Exercise
The answer must be every line of the records below that contains the word "normal", copied out.

Exercise input
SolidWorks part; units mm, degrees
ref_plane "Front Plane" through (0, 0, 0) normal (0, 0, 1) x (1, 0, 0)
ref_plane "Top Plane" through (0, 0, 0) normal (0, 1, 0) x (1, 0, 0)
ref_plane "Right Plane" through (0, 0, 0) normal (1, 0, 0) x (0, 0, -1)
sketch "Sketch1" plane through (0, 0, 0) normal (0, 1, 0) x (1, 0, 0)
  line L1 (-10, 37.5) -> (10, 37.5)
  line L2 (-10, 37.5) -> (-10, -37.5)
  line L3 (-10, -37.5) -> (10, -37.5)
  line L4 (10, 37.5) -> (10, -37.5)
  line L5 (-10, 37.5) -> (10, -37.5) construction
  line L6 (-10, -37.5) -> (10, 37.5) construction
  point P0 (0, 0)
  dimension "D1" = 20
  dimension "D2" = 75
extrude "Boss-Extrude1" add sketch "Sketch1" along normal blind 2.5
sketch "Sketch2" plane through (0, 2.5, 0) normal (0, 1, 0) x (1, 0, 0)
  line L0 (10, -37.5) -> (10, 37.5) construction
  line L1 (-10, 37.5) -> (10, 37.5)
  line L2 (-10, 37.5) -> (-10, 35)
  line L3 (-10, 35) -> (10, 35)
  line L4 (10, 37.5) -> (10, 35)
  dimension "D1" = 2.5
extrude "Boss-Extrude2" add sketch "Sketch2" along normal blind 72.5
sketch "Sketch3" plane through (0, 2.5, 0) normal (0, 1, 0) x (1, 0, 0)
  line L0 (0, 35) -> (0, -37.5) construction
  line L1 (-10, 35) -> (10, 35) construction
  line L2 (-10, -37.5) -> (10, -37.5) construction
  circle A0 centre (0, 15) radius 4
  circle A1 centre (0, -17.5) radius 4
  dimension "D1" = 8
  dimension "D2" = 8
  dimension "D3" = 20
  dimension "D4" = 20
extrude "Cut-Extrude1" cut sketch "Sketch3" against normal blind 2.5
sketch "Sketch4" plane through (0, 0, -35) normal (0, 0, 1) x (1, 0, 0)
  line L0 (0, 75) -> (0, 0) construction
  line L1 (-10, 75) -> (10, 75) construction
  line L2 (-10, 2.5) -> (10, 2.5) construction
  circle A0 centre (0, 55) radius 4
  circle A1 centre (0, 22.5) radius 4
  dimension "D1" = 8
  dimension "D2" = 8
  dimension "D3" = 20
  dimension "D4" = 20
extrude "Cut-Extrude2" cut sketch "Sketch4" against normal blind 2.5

Completed exercise
ref_plane "Front Plane" through (0, 0, 0) normal (0, 0, 1) x (1, 0, 0)
ref_plane "Top Plane" through (0, 0, 0) normal (0, 1, 0) x (1, 0, 0)
ref_plane "Right Plane" through (0, 0, 0) normal (1, 0, 0) x (0, 0, -1)
sketch "Sketch1" plane through (0, 0, 0) normal (0, 1, 0) x (1, 0, 0)
extrude "Boss-Extrude1" add sketch "Sketch1" along normal blind 2.5
sketch "Sketch2" plane through (0, 2.5, 0) normal (0, 1, 0) x (1, 0, 0)
extrude "Boss-Extrude2" add sketch "Sketch2" along normal blind 72.5
sketch "Sketch3" plane through (0, 2.5, 0) normal (0, 1, 0) x (1, 0, 0)
extrude "Cut-Extrude1" cut sketch "Sketch3" against normal blind 2.5
sketch "Sketch4" plane through (0, 0, -35) normal (0, 0, 1) x (1, 0, 0)
extrude "Cut-Extrude2" cut sketch "Sketch4" against normal blind 2.5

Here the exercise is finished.